A spend cap stops expensive runaways; a circuit breaker stops broken ones; a kill switch stops everything. Each is useless if it is checked too late or never tested. README §5–§7 cover the concepts: the cap is a gate that refuses to spend, not a log you read afterward; the breaker has closed/open/half-open states; the kill switch needs an in-band and an out-of-band path because the in-band one fails exactly when you need it. The recurring discipline of this lab is test the safety, do not just write it.
The guard sequence every model call passes through once you wrap it in the SafetySupervisor (Step 5):
flowchart TD
A["Model call requested"] --> B{"Kill switch set?"}
B -->|Yes| Z["Stop the agent"]
B -->|No| C{"Breaker open?"}
C -->|Yes| F["Fail fast, no network call"]
C -->|No| D{"Under daily spend cap?"}
D -->|No| Z
D -->|Yes| E["Call the model, record actual cost"]

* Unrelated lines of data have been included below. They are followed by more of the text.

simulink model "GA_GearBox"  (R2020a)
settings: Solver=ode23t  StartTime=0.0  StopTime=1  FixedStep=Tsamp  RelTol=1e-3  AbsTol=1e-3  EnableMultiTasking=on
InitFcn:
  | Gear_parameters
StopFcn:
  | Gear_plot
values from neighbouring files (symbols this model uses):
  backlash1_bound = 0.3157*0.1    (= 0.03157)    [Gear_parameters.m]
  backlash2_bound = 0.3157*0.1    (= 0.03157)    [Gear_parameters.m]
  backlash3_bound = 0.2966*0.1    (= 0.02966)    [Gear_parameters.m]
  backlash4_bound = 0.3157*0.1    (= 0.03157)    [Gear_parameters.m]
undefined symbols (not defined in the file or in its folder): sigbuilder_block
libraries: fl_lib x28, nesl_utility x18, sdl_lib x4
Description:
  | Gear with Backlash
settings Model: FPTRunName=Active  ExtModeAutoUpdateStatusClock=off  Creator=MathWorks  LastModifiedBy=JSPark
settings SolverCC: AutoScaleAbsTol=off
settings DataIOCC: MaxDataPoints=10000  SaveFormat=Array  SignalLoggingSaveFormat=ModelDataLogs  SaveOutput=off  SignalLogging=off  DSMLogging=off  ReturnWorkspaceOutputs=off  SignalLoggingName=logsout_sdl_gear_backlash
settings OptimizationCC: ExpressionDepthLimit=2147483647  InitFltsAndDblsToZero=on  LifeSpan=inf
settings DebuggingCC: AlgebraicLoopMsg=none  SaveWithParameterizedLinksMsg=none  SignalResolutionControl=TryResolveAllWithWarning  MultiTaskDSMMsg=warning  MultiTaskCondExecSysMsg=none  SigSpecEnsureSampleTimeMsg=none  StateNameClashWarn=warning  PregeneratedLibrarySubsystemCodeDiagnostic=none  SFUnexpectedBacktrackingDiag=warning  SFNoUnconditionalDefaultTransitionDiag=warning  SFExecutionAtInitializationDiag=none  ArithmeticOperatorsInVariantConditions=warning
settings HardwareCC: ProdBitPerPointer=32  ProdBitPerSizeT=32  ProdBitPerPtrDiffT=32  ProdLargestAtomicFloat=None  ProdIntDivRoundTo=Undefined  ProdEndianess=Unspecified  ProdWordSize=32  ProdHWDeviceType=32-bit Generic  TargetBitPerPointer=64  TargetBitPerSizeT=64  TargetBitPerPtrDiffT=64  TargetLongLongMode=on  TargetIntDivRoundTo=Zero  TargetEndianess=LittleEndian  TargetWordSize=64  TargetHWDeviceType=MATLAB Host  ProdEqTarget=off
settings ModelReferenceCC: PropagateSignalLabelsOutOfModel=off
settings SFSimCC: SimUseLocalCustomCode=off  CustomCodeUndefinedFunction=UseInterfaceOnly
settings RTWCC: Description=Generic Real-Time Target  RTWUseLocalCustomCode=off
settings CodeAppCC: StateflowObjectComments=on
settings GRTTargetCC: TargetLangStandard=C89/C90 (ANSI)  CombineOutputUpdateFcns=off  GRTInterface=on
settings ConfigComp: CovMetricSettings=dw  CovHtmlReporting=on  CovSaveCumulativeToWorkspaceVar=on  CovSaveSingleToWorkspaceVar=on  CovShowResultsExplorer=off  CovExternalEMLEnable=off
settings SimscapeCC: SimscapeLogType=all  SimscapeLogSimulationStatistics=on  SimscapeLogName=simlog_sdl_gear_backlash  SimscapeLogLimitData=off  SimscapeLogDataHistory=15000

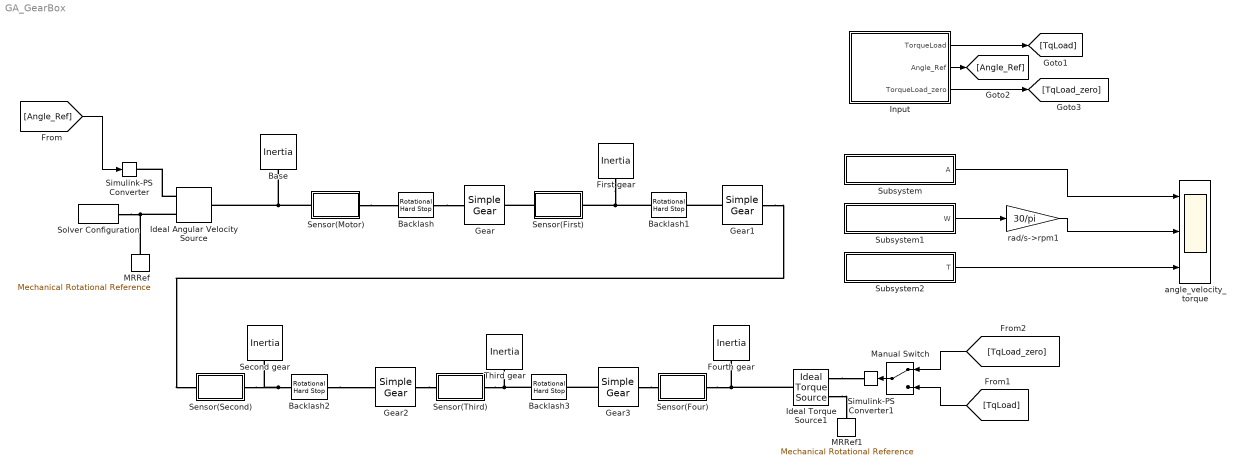
== system GA_GearBox ==
  Backlash : fl_lib/Mechanical/Rotational Elements/Rotational Hard Stop  upper_bnd=backlash1_bound deg  lower_bnd=-backlash1_bound deg  stiff_up=backlash1_stiffness N*m/rad  stiff_low=backlash1_stiffness N*m/rad  D_up=backlash1_damping N*m/(rad/s)  D_low=backlash1_damping N*m/(rad/s)  model=simscape.enum.hardstop.smooth  transition=backlash1_bound*0.1 deg  w_specify=off  w_priority=None  w=0 rad/s  w_nominal_specify=off  w_nominal_unit=rad/s  w_nominal_value=1  t_specify=off  t_priority=None  t=0 N*m  t_nominal_specify=off  t_nominal_unit=N*m  t_nominal_value=1  phi_specify=on  phi_priority=High  phi=0 rad  phi_nominal_specify=off  phi_nominal_unit=rad  phi_nominal_value=1
      settings: SourceProductBaseCode=SS
  Backlash1 : fl_lib/Mechanical/Rotational Elements/Rotational Hard Stop  upper_bnd=backlash2_bound deg  lower_bnd=-backlash2_bound deg  stiff_up=backlash2_stiffness N*m/rad  stiff_low=backlash2_stiffness N*m/rad  D_up=backlash2_damping N*m/(rad/s)  D_low=backlash2_damping N*m/(rad/s)  model=simscape.enum.hardstop.smooth  transition=backlash2_bound*0.1 deg  w_specify=off  w_priority=None  w=0 rad/s  w_nominal_specify=off  w_nominal_unit=rad/s  w_nominal_value=1  t_specify=off  t_priority=None  t=0 N*m  t_nominal_specify=off  t_nominal_unit=N*m  t_nominal_value=1  phi_specify=on  phi_priority=High  phi=0 rad  phi_nominal_specify=off  phi_nominal_unit=rad  phi_nominal_value=1
      settings: SourceProductBaseCode=SS
  Backlash2 : fl_lib/Mechanical/Rotational Elements/Rotational Hard Stop  upper_bnd=backlash3_bound deg  lower_bnd=-backlash3_bound deg  stiff_up=backlash3_stiffness N*m/rad  stiff_low=backlash3_stiffness N*m/rad  D_up=backlash3_damping N*m/(rad/s)  D_low=backlash3_damping N*m/(rad/s)  model=simscape.enum.hardstop.smooth  transition=backlash3_bound*0.1 deg  w_specify=off  w_priority=None  w=0 rad/s  w_nominal_specify=off  w_nominal_unit=rad/s  w_nominal_value=1  t_specify=off  t_priority=None  t=0 N*m  t_nominal_specify=off  t_nominal_unit=N*m  t_nominal_value=1  phi_specify=on  phi_priority=High  phi=0 rad  phi_nominal_specify=off  phi_nominal_unit=rad  phi_nominal_value=1
      settings: SourceProductBaseCode=SS
  Backlash3 : fl_lib/Mechanical/Rotational Elements/Rotational Hard Stop  upper_bnd=backlash4_bound deg  lower_bnd=-backlash4_bound deg  stiff_up=backlash4_stiffness N*m/rad  stiff_low=backlash4_stiffness N*m/rad  D_up=backlash4_damping N*m/(rad/s)  D_low=backlash4_damping N*m/(rad/s)  model=simscape.enum.hardstop.smooth  transition=backlash4_bound*0.1 deg  w_specify=off  w_priority=None  w=0 rad/s  w_nominal_specify=off  w_nominal_unit=rad/s  w_nominal_value=1  t_specify=off  t_priority=None  t=0 N*m  t_nominal_specify=off  t_nominal_unit=N*m  t_nominal_value=1  phi_specify=on  phi_priority=High  phi=0 rad  phi_nominal_specify=off  phi_nominal_unit=rad  phi_nominal_value=1
      settings: SourceProductBaseCode=SS
  Base : fl_lib/Mechanical/Rotational Elements/Inertia  inertia=Jm kg*m^2  w_specify=on  w_priority=High  w=0 rad/s  w_nominal_specify=off  w_nominal_unit=rad/s  w_nominal_value=1  t_specify=off  t_priority=None  t=0 N*m  t_nominal_specify=off  t_nominal_unit=N*m  t_nominal_value=1
  First gear : fl_lib/Mechanical/Rotational Elements/Inertia  inertia=gear_inertia1 kg*m^2  w_specify=on  w_priority=High  w=0 rad/s  w_nominal_specify=off  w_nominal_unit=rad/s  w_nominal_value=1  t_specify=off  t_priority=None  t=0 N*m  t_nominal_specify=off  t_nominal_unit=N*m  t_nominal_value=1
  Fourth gear : fl_lib/Mechanical/Rotational Elements/Inertia  inertia=gear_inertia4 kg*m^2  w_specify=on  w_priority=High  w=0 rad/s  w_nominal_specify=off  w_nominal_unit=rad/s  w_nominal_value=1  t_specify=off  t_priority=None  t=0 N*m  t_nominal_specify=off  t_nominal_unit=N*m  t_nominal_value=1
  Gear : sdl_lib/Gears/Simple Gear  ratio=gear_ratio1  rotation_direction=1  friction_model=sdl.enum.gear_efficiencies_load.off  T_noload=0.1 N*m  T_nom=5 N*m  efficiency_nom=0.8  efficiency=0.8  mu_visc=[ 0 0 ] N*m/(rad/s)  w_thr=0.01 rad/s  pwr_thr=0.001 W  enable_faults=simscape.enum.onoff.off  efficiency_fault=0.05  external_fault=simscape.enum.onoff.off  temporal_fault=simscape.enum.onoff.off  fault_time=5 s  fault_angles=pi / 12 rad  report_fault=1  temperature_TLU=[ 280 300 320 ] K  load_TLU=[ 1 5 10 ] N*m  efficiency_TLU=[ 0.95 0.9 0.85 ]  efficiency_TLU2=[ 0.85 0.8 0.75; 0.95 0.9 0.85; 0.85 0.8 0.7 ]  thermal_mass=50 J/K  T_init=300 K
  Gear1 : sdl_lib/Gears/Simple Gear  ratio=gear_ratio2  rotation_direction=1  friction_model=sdl.enum.gear_efficiencies_load.off  T_noload=0.1 N*m  T_nom=5 N*m  efficiency_nom=0.8  efficiency=0.8  mu_visc=[ 0 0 ] N*m/(rad/s)  w_thr=0.01 rad/s  pwr_thr=0.001 W  enable_faults=simscape.enum.onoff.off  efficiency_fault=0.05  external_fault=simscape.enum.onoff.off  temporal_fault=simscape.enum.onoff.off  fault_time=5 s  fault_angles=pi / 12 rad  report_fault=1  temperature_TLU=[ 280 300 320 ] K  load_TLU=[ 1 5 10 ] N*m  efficiency_TLU=[ 0.95 0.9 0.85 ]  efficiency_TLU2=[ 0.85 0.8 0.75; 0.95 0.9 0.85; 0.85 0.8 0.7 ]  thermal_mass=50 J/K  T_init=300 K
  Gear2 : sdl_lib/Gears/Simple Gear  ratio=gear_ratio3  rotation_direction=1  friction_model=sdl.enum.gear_efficiencies_load.off  T_noload=0.1 N*m  T_nom=5 N*m  efficiency_nom=0.8  efficiency=0.8  mu_visc=[ 0 0 ] N*m/(rad/s)  w_thr=0.01 rad/s  pwr_thr=0.001 W  enable_faults=simscape.enum.onoff.off  efficiency_fault=0.05  external_fault=simscape.enum.onoff.off  temporal_fault=simscape.enum.onoff.off  fault_time=5 s  fault_angles=pi / 12 rad  report_fault=1  temperature_TLU=[ 280 300 320 ] K  load_TLU=[ 1 5 10 ] N*m  efficiency_TLU=[ 0.95 0.9 0.85 ]  efficiency_TLU2=[ 0.85 0.8 0.75; 0.95 0.9 0.85; 0.85 0.8 0.7 ]  thermal_mass=50 J/K  T_init=300 K
  Gear3 : sdl_lib/Gears/Simple Gear  ratio=gear_ratio4  rotation_direction=1  friction_model=sdl.enum.gear_efficiencies_load.off  T_noload=0.1 N*m  T_nom=5 N*m  efficiency_nom=0.8  efficiency=0.8  mu_visc=[ 0 0 ] N*m/(rad/s)  w_thr=0.01 rad/s  pwr_thr=0.001 W  enable_faults=simscape.enum.onoff.off  efficiency_fault=0.05  external_fault=simscape.enum.onoff.off  temporal_fault=simscape.enum.onoff.off  fault_time=5 s  fault_angles=pi / 12 rad  report_fault=1  temperature_TLU=[ 280 300 320 ] K  load_TLU=[ 1 5 10 ] N*m  efficiency_TLU=[ 0.95 0.9 0.85 ]  efficiency_TLU2=[ 0.85 0.8 0.75; 0.95 0.9 0.85; 0.85 0.8 0.7 ]  thermal_mass=50 J/K  T_init=300 K
  Ideal Angular Velocity Source : fl_lib/Mechanical/Mechanical Sources/Ideal Angular Velocity Source
  Ideal Torque Source1 : fl_lib/Mechanical/Mechanical Sources/Ideal Torque Source
  Input : Subsystem  Tag=STV Subsys  LoadFcn=sigbuilder_block('load');  StartFcn=sigbuilder_block('start');  StopFcn=sigbuilder_block('stop');  ClipboardFcn=sigbuilder_block('clipboard');  mask(Sigbuilder block){tuvar=[0:10]}
      mask help: Simulink:masks:SigbuilderBlock_MD
      mask init:
      | if ~strcmp(get_param(bdroot(gcbh),'SimulationStatus'),'stopped') tuvar = sigbuilder_block('maskInit'); end
      settings: CopyFcn=sigbuilder_block('copy');  DeleteFcn=sigbuilder_block('delete');  ModelCloseFcn=sigbuilder_block('modelClose');  PreSaveFcn=sigbuilder_block('preSave');  PauseFcn=sigbuilder_block('pause');  ContinueFcn=sigbuilder_block('continue');  NameChangeFcn=sigbuilder_block('namechange');  OpenFcn=sigbuilder_block('open',[661.5 288 949.5 474.75 ]);  CloseFcn=sigbuilder_block('close');
      mask Display: plot(0, 0, 100, 100,[2, 2, 32, 32, 2], [68, 8, 8, 68, 68],[32, 2], [38, 38], [32, 19, 2],[53, 60, 44], [32, 17, 17, 2],[16, 16, 31, 31]);txt = getActiveGroup(gcbh);text(2, 100, txt,'verticalAlignment', 'top');
  MRRef : fl_lib/Mechanical/Rotational Elements/Mechanical Rotational Reference
  MRRef1 : fl_lib/Mechanical/Rotational Elements/Mechanical Rotational Reference
  Manual Switch : ManualSwitch
  Second gear : fl_lib/Mechanical/Rotational Elements/Inertia  inertia=gear_inertia2 kg*m^2  w_specify=on  w_priority=High  w=0 rad/s  w_nominal_specify=off  w_nominal_unit=rad/s  w_nominal_value=1  t_specify=off  t_priority=None  t=0 N*m  t_nominal_specify=off  t_nominal_unit=N*m  t_nominal_value=1
  Sensor(First) : Subsystem
  Sensor(Four) : Subsystem
  Sensor(Motor) : Subsystem
  Sensor(Second) : Subsystem
  Sensor(Third) : Subsystem
  Simulink-PS Converter : nesl_utility/Simulink-PS Converter  PhysicalDomain=network_engine_domain  SubClassName=ps_input  LeftPortType=input  RightPortType=output  PseudoPeriodic=off  Frequencies=[]  NoiseDistribution=none  NoiseParameters=[]  Unit=1  AffineConversion=off  FilteringAndDerivatives=filter  SimscapeFilterOrder=1  InputFilterTimeConstant=0.001  UdotUserProvided=0
  Simulink-PS Converter1 : nesl_utility/Simulink-PS Converter  PhysicalDomain=network_engine_domain  SubClassName=ps_input  LeftPortType=input  RightPortType=output  PseudoPeriodic=off  Frequencies=[]  NoiseDistribution=none  NoiseParameters=[]  Unit=1  AffineConversion=off  FilteringAndDerivatives=provide  SimscapeFilterOrder=1  InputFilterTimeConstant=0.001  UdotUserProvided=0
  Solver Configuration : nesl_utility/Solver Configuration  PhysicalDomain=network_engine_domain  SubClassName=solver  LeftPortType=input  RightPortType=generic  Tones=[]  Harmonics=[]  SimulateNoise=off  Profile=off  UseLocalSampling=off  EnableSwitchedLinearOptims=on  FrequencyDomain=off  UseCCode=off  RelTol=0.001  AbsTol=1e-06  MinStep=1e-09  ToWorkspace=off  RevertToSquareIcSolve=off  NumHomotopyIterations=100  PhasorMode=off  PhasorModeNumHarmonics=1  DoDC=off  ResidualTolerance=1e-9  UseLocalSolver=off  LocalSolverChoice=NE_PARTITIONING_ADVANCER  LocalSolverSampleTime=0.0001  DoFixedCost=off  MaxNonlinIter=3  MaxModeIter=2  LinearAlgebra=auto  EquationFormulation=NE_TIME_EF  DelaysMemoryBudget=1024  AutomaticFiltering=on  FilteringTimeConstant=0.001  PartitionStorageMethod=EXHAUSTIVE  PartitionMemoryBudget=1024  PartitionMethod=ROBUST
  Subsystem : Subsystem
  Subsystem1 : Subsystem
  Subsystem2 : Subsystem
  Third gear : fl_lib/Mechanical/Rotational Elements/Inertia  inertia=gear_inertai3 kg*m^2  w_specify=on  w_priority=High  w=0 rad/s  w_nominal_specify=off  w_nominal_unit=rad/s  w_nominal_value=1  t_specify=off  t_priority=None  t=0 N*m  t_nominal_specify=off  t_nominal_unit=N*m  t_nominal_value=1
  angle_velocity_torque : Scope  NumInputPorts=3
      settings: Tag=angle,velocity,torque  Description=angle,velocity,torque
  rad/s->rpm1 : Gain  Gain=30/pi
  wires:
  Subsystem2/1(T) -> angle_velocity_torque/3
  Input/1(TorqueLoad) -> [TqLoad]
  Subsystem/1(A) -> angle_velocity_torque/1
  Input/2(Angle_Ref) -> [Angle_Ref]
  Subsystem1/1(W) -> rad/s->rpm1/1
  [Angle_Ref] -> Simulink-PS Converter/1
  rad/s->rpm1/1 -> angle_velocity_torque/2
  Input/3(TorqueLoad_zero) -> [TqLoad_zero]
  Manual Switch/1 -> Simulink-PS Converter1/1
  [TqLoad] -> Manual Switch/2
  [TqLoad_zero] -> Manual Switch/1
  connections:
  Sensor(Four)/RConn1 -- Ideal Torque Source1/LConn1 -- Fourth gear/LConn1
  Backlash2/LConn1 -- Second gear/LConn1 -- Sensor(Second)/RConn1
  MRRef/LConn1 -- Ideal Angular Velocity Source/RConn2 -- Solver Configuration/RConn1
  Sensor(Motor)/LConn1 -- Ideal Angular Velocity Source/LConn1 -- Base/LConn1
  First gear/LConn1 -- Sensor(First)/RConn1 -- Backlash1/LConn1
  Backlash3/LConn1 -- Sensor(Third)/RConn1 -- Third gear/LConn1
  Ideal Torque Source1/RConn1 -- Simulink-PS Converter1/RConn1
  Sensor(First)/LConn1 -- Gear/RConn1
  Backlash2/RConn1 -- Gear2/LConn1
  Ideal Angular Velocity Source/RConn1 -- Simulink-PS Converter/RConn1
  Sensor(Motor)/RConn1 -- Backlash/LConn1
  Gear2/RConn1 -- Sensor(Third)/LConn1
  Backlash/RConn1 -- Gear/LConn1
  Gear3/RConn1 -- Sensor(Four)/LConn1
  Gear1/LConn1 -- Backlash1/RConn1
  Gear3/LConn1 -- Backlash3/RConn1
  Gear1/RConn1 -- Sensor(Second)/LConn1
  Ideal Torque Source1/RConn2 -- MRRef1/LConn1

== system GA_GearBox/Input ==
  Demux : Demux  Tag=STV Demux  Outputs=3
      settings: DisplayOption=none
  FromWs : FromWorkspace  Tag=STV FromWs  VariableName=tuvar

Notice: three gates in order — kill switch, breaker, cap — and the model is only called after all three pass. Order matters: stop first, fail fast second, spend last.
Steps
1. Add a durable cost ledger and a hard daily cap
The genuinely new technique this lab introduces is the pre-call spend gate: a check that refuses to spend before money leaves, durable across restarts. Build it in three stages.
Stage 1 — Worked example (I do)
Create safety.py exactly as below and run it. The cap is keyed by day and lives in SQLite, so a restart cannot reset today’s budget and hand a runaway a fresh ceiling. Study each line — the key idea is that guard_spend runs before the call and raises rather than logs.
# safety.py — budget cap (checked BEFORE the call), durable in SQLite
import os, sqlite3
class BudgetExceeded(Exception): ...
def init_spend(db):
db.execute("""CREATE TABLE IF NOT EXISTS spend(
ts REAL DEFAULT (strftime('%s','now')),
day TEXT DEFAULT (date('now')), cost REAL)""")
db.commit()
def spent_today(db) -> float:
return db.execute(
"SELECT COALESCE(SUM(cost),0) FROM spend WHERE day=date('now')").fetchone()[0]
def guard_spend(db, est_cost: float):
cap = float(os.environ.get("DAILY_CAP_USD", "1.00"))
if spent_today(db) + est_cost > cap: # check BEFORE calling
raise BudgetExceeded(f"would exceed ${cap:.2f}/day cap "
f"(spent ${spent_today(db):.4f})")
def record_spend(db, actual_cost: float):
db.execute("INSERT INTO spend(cost) VALUES(?)", (actual_cost,)); db.commit()
Checkpoint: Set DAILY_CAP_USD=0.01, then in a REPL call guard_spend(db, 0.02) and confirm it raises BudgetExceeded — the call is refused before any spend. Insert a few cents of simulated spend and confirm spent_today(db) is durable across a fresh connect().
If not: if no exception is raised, you did not init_spend(db) first (the table is missing, so spent_today errors or returns 0) or DAILY_CAP_USD is still 1.00 from .env overriding your REPL value — set it explicitly with os.environ["DAILY_CAP_USD"]="0.01" in the REPL.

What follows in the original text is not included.